TRY IT
Below are the records; copy exactly the lines from the first through the one containing "1) x (1, 0, 0)", both included, and leave out the pictures.

**********

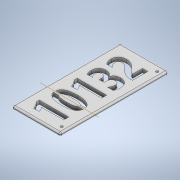
# Autodesk Inventor part: Vehicle Registration Plate V2
Saved by Autodesk Inventor 2020 (Build 240168000, 168)
## iProperties
Created: 2020-01-23
Part Number: Vehicle Registration Plate V2
Material: Generic
Document SubType Name: Modeling
Designer: maple
Density: 1 g/cm^3
Appearance: Default
Author: maple
Autodesk Inventor part; units mm, degrees
ref_plane "YZ Plane" through (0, 0, 0) normal (1, 0, 0) x (0, 1, 0)
ref_plane "XZ Plane" through (0, 0, 0) normal (0, 1, 0) x (-1, 0, 0)
ref_plane "XY Plane" through (0, 0, 0) normal (0, 0, 1) x (1, 0, 0)
sketch "Sketch1" plane through (0, 0, 0) normal (0, 1, 0) x (-1, 0, 0)
  line L0 (0, 0) -> (-101.6, 0)
  line L1 (-101.6, 0) -> (-101.6, -228.6)
  line L2 (-101.6, -228.6) -> (0, -228.6)
  line L3 (0, -228.6) -> (0, 0)
  dimension "d0" = 101.6
  dimension "d1" = 228.6
  constraints: 8 end point, 2 parallel, 1 horizontal, 1 perpendicular
  measures "d0" distance of L2.end L1.end
  measures "d1" distance of L1.end L0.end
extrude "Extrusion1" add sketch "Sketch1" along normal blind 7.62
sketch "Sketch2" plane through (0, 7.62, 0) normal (0, 1, 0) x (1, 0, 0)
  line L0 (0, 228.6) -> (0, 0) projected
  line L1 (0, 114.3) -> (101.6, 114.3)
  line L2 (101.6, 0) -> (101.6, 228.6) projected
  line L3 (0, 0) -> (101.6, 0) projected
  line L4 (50.8, 0) -> (50.8, 228.6)
  line L5 (101.6, 228.6) -> (0, 228.6) projected
  line L6 (101.6, 0) -> (101.6, 228.6) projected
  line L7 (101.6, 228.6) -> (0, 228.6) projected
  line L8 (0, 228.6) -> (0, 0) projected
  line L9 (0, 0) -> (101.6, 0) projected
  line L10 (11.0143, -52.7017) -> (11.0143, 281.0593) construction
  line L11 (11.0143, 281.0593) -> (90.4253, 281.0593) construction
  line L12 (90.4253, 281.0593) -> (90.4253, -52.7017) construction
  line L13 (90.4253, -52.7017) -> (11.0143, -52.7017) construction
  line L14 (19.024, 38.3911) -> (81.3412, 38.3911)
  line L15 (81.3412, 38.3911) -> (81.3412, 27.7034)
  line L16 (81.3412, 27.7034) -> (34.1226, 27.7034)
  spline S0 degree 2 poles (34.1226, 27.7034) (35.1405, 26.7986) (36.837, 24.3669) (38.2507, 21.6526) (39.2686, 18.7686) (39.4383, 17.2983) knots 0 0 0 1 2 3 4 4 4
  line L17 (39.4383, 17.2983) -> (28.1284, 17.2983)
  spline S1 degree 2 poles (28.1284, 17.2983) (26.6016, 21.4829) (21.8515, 28.8909) (19.024, 31.888) knots 0 0 0 1 2 2 2
  line L18 (19.024, 31.888) -> (19.024, 38.3911)
  spline S2 degree 2 poles (82.4156, 69.889) (82.4156, 52.4719) (51.8225, 52.4719) knots 0 0 0 1 1 1
  spline S3 degree 2 poles (51.8225, 52.4719) (35.9888, 52.4719) (19.3633, 61.9156) (19.3633, 70.8504) knots 0 0 0 1 2 2 2
  spline S4 degree 2 poles (19.3633, 70.8504) (19.3633, 87.8717) (50.4088, 87.8717) knots 0 0 0 1 1 1
  spline S5 degree 2 poles (50.4088, 87.8717) (65.9033, 87.8717) (82.4156, 78.5976) (82.4156, 69.889) knots 0 0 0 1 2 2 2
  spline S6 degree 2 poles (29.5987, 70.398) (29.5987, 63.3859) (51.4832, 63.3859) knots 0 0 0 1 1 1
  spline S7 degree 2 poles (51.4832, 63.3859) (72.1237, 63.3859) (72.1237, 70.2283) knots 0 0 0 1 1 1
  spline S8 degree 2 poles (72.1237, 70.2283) (72.1237, 76.9011) (50.8612, 76.9011) knots 0 0 0 1 1 1
  spline S9 degree 2 poles (50.8612, 76.9011) (29.5987, 76.9011) (29.5987, 70.398) knots 0 0 0 1 1 1
  line L19 (19.024, 118.4648) -> (81.3412, 118.4648)
  line L20 (81.3412, 118.4648) -> (81.3412, 107.777)
  line L21 (81.3412, 107.777) -> (34.1226, 107.777)
  spline S10 degree 2 poles (34.1226, 107.777) (35.1405, 106.8722) (36.837, 104.4406) (38.2507, 101.7262) (39.2686, 98.8422) (39.4383, 97.3719) knots 0 0 0 1 2 3 4 4 4
  line L22 (39.4383, 97.3719) -> (28.1284, 97.3719)
  spline S11 degree 2 poles (28.1284, 97.3719) (26.6016, 101.5566) (21.8515, 108.9645) (19.024, 111.9616) knots 0 0 0 1 2 2 2
  line L23 (19.024, 111.9616) -> (19.024, 118.4648)
  line L24 (79.362, 134.1854) -> (67.6563, 134.1854)
  spline S12 degree 2 poles (67.6563, 134.1854) (72.1237, 139.1052) (72.1237, 145.6084) knots 0 0 0 1 1 1
  spline S13 degree 2 poles (72.1237, 145.6084) (72.1237, 149.7365) (67.7128, 154.3169) (63.7544, 154.3169) knots 0 0 0 1 2 2 2
  spline S14 degree 2 poles (63.7544, 154.3169) (59.6263, 154.3169) (55.2155, 148.662) (55.2155, 143.6857) knots 0 0 0 1 2 2 2
  line L25 (55.2155, 143.6857) -> (55.2155, 139.1618)
  line L26 (55.2155, 139.1618) -> (44.9235, 139.1618)
  line L27 (44.9235, 139.1618) -> (44.9235, 143.3464)
  spline S15 degree 2 poles (44.9235, 143.3464) (44.9235, 152.8467) (37.0066, 152.8467) knots 0 0 0 1 1 1
  spline S16 degree 2 poles (37.0066, 152.8467) (29.5987, 152.8467) (29.5987, 145.5518) knots 0 0 0 1 1 1
  spline S17 degree 2 poles (29.5987, 145.5518) (29.5987, 140.6886) (33.5571, 136.0516) knots 0 0 0 1 1 1
  line L28 (33.5571, 136.0516) -> (22.5866, 136.0516)
  spline S18 degree 2 poles (22.5866, 136.0516) (19.3633, 141.1975) (19.3633, 147.9834) knots 0 0 0 1 1 1
  spline S19 degree 2 poles (19.3633, 147.9834) (19.3633, 155.5045) (27.7891, 163.8172) (34.4619, 163.8172) knots 0 0 0 1 2 2 2
  spline S20 degree 2 poles (34.4619, 163.8172) (46.4504, 163.8172) (49.4475, 154.1473) knots 0 0 0 1 1 1
  line L29 (49.4475, 154.1473) -> (49.6737, 154.1473)
  spline S21 degree 2 poles (49.6737, 154.1473) (50.4653, 159.2933) (58.2691, 165.2875) (63.924, 165.2875) knots 0 0 0 1 2 2 2
  spline S22 degree 2 poles (63.924, 165.2875) (72.463, 165.2875) (82.4156, 155.2783) (82.4156, 146.4566) knots 0 0 0 1 2 2 2
  spline S23 degree 2 poles (82.4156, 146.4566) (82.4156, 138.9356) (79.362, 134.1854) knots 0 0 0 1 1 1
  line L30 (70.201, 184.8535) -> (70.201, 205.4939)
  line L31 (70.201, 205.4939) -> (81.3412, 205.4939)
  line L32 (81.3412, 205.4939) -> (81.3412, 173.0913)
  line L33 (81.3412, 173.0913) -> (76.7607, 173.0913)
  spline S24 degree 2 poles (76.7607, 173.0913) (72.0671, 173.0913) (64.6026, 175.5794) (58.7215, 179.4248) (54.141, 183.9487) (52.3315, 185.9845) knots 0 0 0 1 2 3 4 4 4
  spline S25 degree 2 poles (52.3315, 185.9845) (50.4088, 188.1333) (46.9593, 191.3566) (43.5098, 193.5621) (39.9472, 194.6365) (37.968, 194.6365) knots 0 0 0 1 2 3 4 4 4
  spline S26 degree 2 poles (37.968, 194.6365) (34.0661, 194.6365) (30.0511, 191.0739) (30.0511, 187.4547) knots 0 0 0 1 2 2 2
  spline S27 degree 2 poles (30.0511, 187.4547) (30.0511, 181.1778) (36.3281, 175.4098) knots 0 0 0 1 1 1
  line L34 (36.3281, 175.4098) -> (24.5093, 175.4098)
  spline S28 degree 2 poles (24.5093, 175.4098) (19.3633, 181.7998) (19.3633, 189.7733) knots 0 0 0 1 1 1
  spline S29 degree 2 poles (19.3633, 189.7733) (19.3633, 193.5055) (21.7949, 199.3866) (26.2623, 203.4582) (32.7089, 205.607) (36.6674, 205.607) knots 0 0 0 1 2 3 4 4 4
  spline S30 degree 2 poles (36.6674, 205.607) (40.852, 205.607) (47.4117, 203.5147) (52.7839, 200.0652) (57.2512, 195.5978) (59.287, 193.1662) knots 0 0 0 1 2 3 4 4 4
  spline S31 degree 2 poles (59.287, 193.1662) (60.7573, 191.5263) (63.5848, 188.5292) (66.3557, 186.2107) (69.0135, 184.8535) (70.201, 184.8535) knots 0 0 0 1 2 3 4 4 4
  point P0 (50.8, 114.3)
  constraints: 5 midpoint, 4 end point, 2 other
emboss "Emboss1" sketch "Sketch2" operation cut depth 7.62 direction (0, -1, 0) contours L23 L19 L4 L1 | L1 L4 L21 S10 L22 S11 L23 | S30 S31 L30 L31 L32 L33 S24 S25 L4 | L4 S25 S26 S27 L34 S28 S29 S30 | L4 L19 L20 L1 | L1 L20 L21 L4 | L16 S0 L17 S1 L18 L14 L4 | L4 L14 L15 L16 | S21 S22 S23 L24 S12 S13 S14 L25 L26 L4 | L4 L26 L27 S15 S16 S17 L28 S18 S19 S20 L29 S21 | S5 S2 S3 L4 S6 S7 S8 S9 | L4 S9 S6 S3 S4 S5
sketch "Sketch7" plane through (0, 7.62, 0) normal (0, 1, 0) x (1, 0, 0)
  line L0 (72.1237, 70.2283) -> (86.6151, 70.2283)
  line L1 (86.6151, 70.2283) -> (86.6151, 67.6883)
  line L2 (86.6151, 67.6883) -> (15.875, 67.6883)
  line L3 (15.875, 67.6883) -> (15.875, 72.7683)
  line L4 (15.875, 72.7683) -> (86.6151, 72.7683)
  line L5 (86.6151, 72.7683) -> (86.6151, 67.6883)
  point P0 (0, 0)
  dimension "d6" = 2.54
  dimension "d7" = 5.08
  constraints: 12 end point, 2 horizontal, 2 parallel, 2 perpendicular
  measures "d6" distance of L0.end L1.end
  measures "d7" distance of L2.end L3.end
extrude "Extrusion2" add sketch "Sketch7" against normal blind 7.62
fillet "Fillet1" radius 3.175 12 edges at (0, 0, -114.3) (0, 7.62, -114.3) (0, 3.81, -228.6) (50.8, 0, -228.6) (50.8, 7.62, -228.6) (101.6, 3.81, -228.6) (101.6, 7.62, -114.3) (101.6, 0, -114.3) (50.8, 0, 0) (50.8, 7.62, 0) (101.6, 3.81, 0) (0, 3.81, 0)
sketch "Sketch9" plane through (0, 7.62, 0) normal (0, 1, 0) x (1, 0, 0)
  line L0 (101.6, 225.425) -> (101.6, 3.175) projected
  line L1 (101.6, 3.175) -> (91.44, 3.175)
  line L2 (3.175, 3.175) -> (98.425, 3.175) projected
  line L3 (91.44, 3.175) -> (91.44, 13.335)
  line L4 (101.6, 225.425) -> (91.44, 225.425)
  line L5 (91.44, 225.425) -> (91.44, 215.265)
  circle A0 centre (91.44, 13.335) radius 2.54
  circle A1 centre (91.44, 215.265) radius 2.54
  point P0 (0, 0)
  dimension "d17" = 10.16
  dimension "d18" = 10.16
  dimension "d19" = 10.16
  dimension "d20" = 10.16
  dimension "d21" = 5.08
  dimension "d22" = 5.08
  constraints: 8 end point, 2 centre point, 2 coincident, 2 perpendicular, 1 horizontal, 1 point on line
  measures "d17" distance of L0.end L1.end
  measures "d18" distance of L1.end L3.end
  measures "d19" distance of L0.start L4.end
  measures "d20" distance of L4.end L5.end
  measures "d21" diameter of A0
  measures "d22" diameter of A1
extrude "Extrusion4" cut sketch "Sketch9" against normal blind 7.62
body "Solid1"

**********

PROBLEM SOLUTION
# Autodesk Inventor part: Vehicle Registration Plate V2
Saved by Autodesk Inventor 2020 (Build 240168000, 168)
## iProperties
Created: 2020-01-23
Part Number: Vehicle Registration Plate V2
Material: Generic
Document SubType Name: Modeling
Designer: maple
Density: 1 g/cm^3
Appearance: Default
Author: maple
Autodesk Inventor part; units mm, degrees
ref_plane "YZ Plane" through (0, 0, 0) normal (1, 0, 0) x (0, 1, 0)
ref_plane "XZ Plane" through (0, 0, 0) normal (0, 1, 0) x (-1, 0, 0)
ref_plane "XY Plane" through (0, 0, 0) normal (0, 0, 1) x (1, 0, 0)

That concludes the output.